» **About this task**
The entries that follow need to be returned without any alteration.

» **Data supplied**
- - - -

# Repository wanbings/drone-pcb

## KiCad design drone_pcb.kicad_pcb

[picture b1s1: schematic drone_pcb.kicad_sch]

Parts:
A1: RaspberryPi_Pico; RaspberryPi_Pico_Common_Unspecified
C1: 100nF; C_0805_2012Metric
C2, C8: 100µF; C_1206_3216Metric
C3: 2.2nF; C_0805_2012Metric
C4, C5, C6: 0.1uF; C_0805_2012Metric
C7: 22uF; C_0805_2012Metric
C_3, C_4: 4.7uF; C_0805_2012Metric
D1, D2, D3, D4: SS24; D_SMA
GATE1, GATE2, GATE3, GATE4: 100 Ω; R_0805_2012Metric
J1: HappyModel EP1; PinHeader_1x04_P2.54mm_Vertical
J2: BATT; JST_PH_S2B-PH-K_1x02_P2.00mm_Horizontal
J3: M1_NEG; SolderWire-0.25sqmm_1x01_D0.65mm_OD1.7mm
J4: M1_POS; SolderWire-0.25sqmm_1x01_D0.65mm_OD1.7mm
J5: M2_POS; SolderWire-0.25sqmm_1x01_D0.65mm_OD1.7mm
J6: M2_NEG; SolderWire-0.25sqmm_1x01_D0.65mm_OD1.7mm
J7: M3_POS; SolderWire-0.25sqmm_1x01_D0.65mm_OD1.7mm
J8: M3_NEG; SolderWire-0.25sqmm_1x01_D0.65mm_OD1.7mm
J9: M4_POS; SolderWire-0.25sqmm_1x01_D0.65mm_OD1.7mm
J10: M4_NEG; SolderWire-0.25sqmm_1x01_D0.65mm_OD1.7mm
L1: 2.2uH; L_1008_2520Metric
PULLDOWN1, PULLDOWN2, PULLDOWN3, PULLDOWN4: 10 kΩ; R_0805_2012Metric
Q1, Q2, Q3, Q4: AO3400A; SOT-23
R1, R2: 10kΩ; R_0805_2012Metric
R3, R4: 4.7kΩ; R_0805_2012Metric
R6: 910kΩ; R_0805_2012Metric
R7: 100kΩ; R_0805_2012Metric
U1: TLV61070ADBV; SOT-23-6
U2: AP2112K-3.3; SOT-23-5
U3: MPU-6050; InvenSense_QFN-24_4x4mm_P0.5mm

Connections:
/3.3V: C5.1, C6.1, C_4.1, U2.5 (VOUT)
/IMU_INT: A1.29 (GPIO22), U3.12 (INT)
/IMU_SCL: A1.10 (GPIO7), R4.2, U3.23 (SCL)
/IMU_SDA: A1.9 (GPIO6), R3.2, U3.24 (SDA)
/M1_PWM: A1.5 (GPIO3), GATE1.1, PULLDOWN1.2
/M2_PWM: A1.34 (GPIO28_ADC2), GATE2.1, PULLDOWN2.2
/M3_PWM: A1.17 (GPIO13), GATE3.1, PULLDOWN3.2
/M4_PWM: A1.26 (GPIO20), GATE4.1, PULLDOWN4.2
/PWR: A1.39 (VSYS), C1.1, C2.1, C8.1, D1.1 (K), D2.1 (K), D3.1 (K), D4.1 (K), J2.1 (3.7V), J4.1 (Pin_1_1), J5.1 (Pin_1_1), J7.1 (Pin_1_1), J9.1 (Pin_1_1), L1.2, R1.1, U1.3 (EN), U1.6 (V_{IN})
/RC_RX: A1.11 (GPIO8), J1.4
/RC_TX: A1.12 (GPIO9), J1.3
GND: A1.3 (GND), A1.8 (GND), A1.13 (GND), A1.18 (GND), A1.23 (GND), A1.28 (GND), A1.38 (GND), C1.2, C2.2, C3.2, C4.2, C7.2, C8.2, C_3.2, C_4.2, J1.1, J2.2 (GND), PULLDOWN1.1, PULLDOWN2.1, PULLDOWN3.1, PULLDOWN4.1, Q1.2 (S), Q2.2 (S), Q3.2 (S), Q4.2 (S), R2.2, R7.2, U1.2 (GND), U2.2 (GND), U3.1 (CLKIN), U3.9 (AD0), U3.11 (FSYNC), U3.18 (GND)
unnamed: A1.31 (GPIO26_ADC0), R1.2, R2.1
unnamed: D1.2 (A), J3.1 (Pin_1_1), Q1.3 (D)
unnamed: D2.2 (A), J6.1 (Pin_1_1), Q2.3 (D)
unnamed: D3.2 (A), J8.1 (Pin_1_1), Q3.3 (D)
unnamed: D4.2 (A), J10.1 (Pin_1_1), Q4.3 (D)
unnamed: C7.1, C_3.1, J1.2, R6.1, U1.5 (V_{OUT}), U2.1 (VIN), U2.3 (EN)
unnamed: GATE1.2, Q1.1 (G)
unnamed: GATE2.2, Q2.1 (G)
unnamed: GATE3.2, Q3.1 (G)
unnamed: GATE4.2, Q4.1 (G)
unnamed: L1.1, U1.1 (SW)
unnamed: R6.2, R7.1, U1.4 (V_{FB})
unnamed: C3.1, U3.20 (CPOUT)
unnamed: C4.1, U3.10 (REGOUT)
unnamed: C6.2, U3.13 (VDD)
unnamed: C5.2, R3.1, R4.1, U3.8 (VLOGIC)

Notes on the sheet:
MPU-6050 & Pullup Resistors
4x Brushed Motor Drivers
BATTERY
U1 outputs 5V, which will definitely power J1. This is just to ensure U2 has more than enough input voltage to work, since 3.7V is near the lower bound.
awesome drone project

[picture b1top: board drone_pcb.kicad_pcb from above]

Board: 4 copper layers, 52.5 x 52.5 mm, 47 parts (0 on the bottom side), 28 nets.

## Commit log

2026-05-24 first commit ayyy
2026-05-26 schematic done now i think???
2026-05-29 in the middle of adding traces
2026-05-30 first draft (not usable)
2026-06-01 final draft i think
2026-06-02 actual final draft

- - - -

» **Answer area**
# Repository wanbings/drone-pcb

## KiCad design drone_pcb.kicad_pcb

[picture b1s1: schematic drone_pcb.kicad_sch]

Parts:
A1: RaspberryPi_Pico; RaspberryPi_Pico_Common_Unspecified
C1: 100nF; C_0805_2012Metric
C2, C8: 100µF; C_1206_3216Metric
C3: 2.2nF; C_0805_2012Metric
C4, C5, C6: 0.1uF; C_0805_2012Metric
C7: 22uF; C_0805_2012Metric
C_3, C_4: 4.7uF; C_0805_2012Metric
D1, D2, D3, D4: SS24; D_SMA
GATE1, GATE2, GATE3, GATE4: 100 Ω; R_0805_2012Metric
J1: HappyModel EP1; PinHeader_1x04_P2.54mm_Vertical
J2: BATT; JST_PH_S2B-PH-K_1x02_P2.00mm_Horizontal
J3: M1_NEG; SolderWire-0.25sqmm_1x01_D0.65mm_OD1.7mm
J4: M1_POS; SolderWire-0.25sqmm_1x01_D0.65mm_OD1.7mm
J5: M2_POS; SolderWire-0.25sqmm_1x01_D0.65mm_OD1.7mm
J6: M2_NEG; SolderWire-0.25sqmm_1x01_D0.65mm_OD1.7mm
J7: M3_POS; SolderWire-0.25sqmm_1x01_D0.65mm_OD1.7mm
J8: M3_NEG; SolderWire-0.25sqmm_1x01_D0.65mm_OD1.7mm
J9: M4_POS; SolderWire-0.25sqmm_1x01_D0.65mm_OD1.7mm
J10: M4_NEG; SolderWire-0.25sqmm_1x01_D0.65mm_OD1.7mm
L1: 2.2uH; L_1008_2520Metric
PULLDOWN1, PULLDOWN2, PULLDOWN3, PULLDOWN4: 10 kΩ; R_0805_2012Metric
Q1, Q2, Q3, Q4: AO3400A; SOT-23
R1, R2: 10kΩ; R_0805_2012Metric
R3, R4: 4.7kΩ; R_0805_2012Metric
R6: 910kΩ; R_0805_2012Metric
R7: 100kΩ; R_0805_2012Metric
U1: TLV61070ADBV; SOT-23-6
U2: AP2112K-3.3; SOT-23-5
U3: MPU-6050; InvenSense_QFN-24_4x4mm_P0.5mm

Connections:
/3.3V: C5.1, C6.1, C_4.1, U2.5 (VOUT)
/IMU_INT: A1.29 (GPIO22), U3.12 (INT)
/IMU_SCL: A1.10 (GPIO7), R4.2, U3.23 (SCL)
/IMU_SDA: A1.9 (GPIO6), R3.2, U3.24 (SDA)
/M1_PWM: A1.5 (GPIO3), GATE1.1, PULLDOWN1.2
/M2_PWM: A1.34 (GPIO28_ADC2), GATE2.1, PULLDOWN2.2
/M3_PWM: A1.17 (GPIO13), GATE3.1, PULLDOWN3.2
/M4_PWM: A1.26 (GPIO20), GATE4.1, PULLDOWN4.2
/PWR: A1.39 (VSYS), C1.1, C2.1, C8.1, D1.1 (K), D2.1 (K), D3.1 (K), D4.1 (K), J2.1 (3.7V), J4.1 (Pin_1_1), J5.1 (Pin_1_1), J7.1 (Pin_1_1), J9.1 (Pin_1_1), L1.2, R1.1, U1.3 (EN), U1.6 (V_{IN})
/RC_RX: A1.11 (GPIO8), J1.4
/RC_TX: A1.12 (GPIO9), J1.3
GND: A1.3 (GND), A1.8 (GND), A1.13 (GND), A1.18 (GND), A1.23 (GND), A1.28 (GND), A1.38 (GND), C1.2, C2.2, C3.2, C4.2, C7.2, C8.2, C_3.2, C_4.2, J1.1, J2.2 (GND), PULLDOWN1.1, PULLDOWN2.1, PULLDOWN3.1, PULLDOWN4.1, Q1.2 (S), Q2.2 (S), Q3.2 (S), Q4.2 (S), R2.2, R7.2, U1.2 (GND), U2.2 (GND), U3.1 (CLKIN), U3.9 (AD0), U3.11 (FSYNC), U3.18 (GND)
unnamed: A1.31 (GPIO26_ADC0), R1.2, R2.1
unnamed: D1.2 (A), J3.1 (Pin_1_1), Q1.3 (D)
unnamed: D2.2 (A), J6.1 (Pin_1_1), Q2.3 (D)
unnamed: D3.2 (A), J8.1 (Pin_1_1), Q3.3 (D)
unnamed: D4.2 (A), J10.1 (Pin_1_1), Q4.3 (D)
unnamed: C7.1, C_3.1, J1.2, R6.1, U1.5 (V_{OUT}), U2.1 (VIN), U2.3 (EN)
unnamed: GATE1.2, Q1.1 (G)
unnamed: GATE2.2, Q2.1 (G)
unnamed: GATE3.2, Q3.1 (G)
unnamed: GATE4.2, Q4.1 (G)
unnamed: L1.1, U1.1 (SW)
unnamed: R6.2, R7.1, U1.4 (V_{FB})
unnamed: C3.1, U3.20 (CPOUT)
unnamed: C4.1, U3.10 (REGOUT)
unnamed: C6.2, U3.13 (VDD)
unnamed: C5.2, R3.1, R4.1, U3.8 (VLOGIC)

Notes on the sheet:
MPU-6050 & Pullup Resistors
4x Brushed Motor Drivers
BATTERY
U1 outputs 5V, which will definitely power J1. This is just to ensure U2 has more than enough input voltage to work, since 3.7V is near the lower bound.
awesome drone project

[picture b1top: board drone_pcb.kicad_pcb from above]

Board: 4 copper layers, 52.5 x 52.5 mm, 47 parts (0 on the bottom side), 28 nets.

## Commit log

2026-05-24 first commit ayyy
2026-05-26 schematic done now i think???
2026-05-29 in the middle of adding traces
2026-05-30 first draft (not usable)
2026-06-01 final draft i think
2026-06-02 actual final draft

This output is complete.